● DATA FOR PROCESSING:
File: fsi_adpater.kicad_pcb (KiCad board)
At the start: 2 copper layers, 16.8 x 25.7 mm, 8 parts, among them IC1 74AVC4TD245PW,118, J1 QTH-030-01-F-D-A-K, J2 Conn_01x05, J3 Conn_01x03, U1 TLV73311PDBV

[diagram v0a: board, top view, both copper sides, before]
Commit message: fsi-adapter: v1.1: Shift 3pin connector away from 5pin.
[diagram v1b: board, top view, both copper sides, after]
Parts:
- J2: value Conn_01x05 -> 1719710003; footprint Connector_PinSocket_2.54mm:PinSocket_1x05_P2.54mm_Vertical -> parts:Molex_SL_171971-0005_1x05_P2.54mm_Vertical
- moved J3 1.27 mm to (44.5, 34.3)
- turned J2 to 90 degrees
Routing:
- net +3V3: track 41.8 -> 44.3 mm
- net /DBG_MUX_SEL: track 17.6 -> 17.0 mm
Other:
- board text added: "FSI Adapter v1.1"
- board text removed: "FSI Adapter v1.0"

● TASK PROMPT:
Go through the preceding material and copy each line that has the word "copper".

● RESPONSE:
At the start: 2 copper layers, 16.8 x 25.7 mm, 8 parts, among them IC1 74AVC4TD245PW,118, J1 QTH-030-01-F-D-A-K, J2 Conn_01x05, J3 Conn_01x03, U1 TLV73311PDBV
[diagram v0a: board, top view, both copper sides, before]
[diagram v1b: board, top view, both copper sides, after]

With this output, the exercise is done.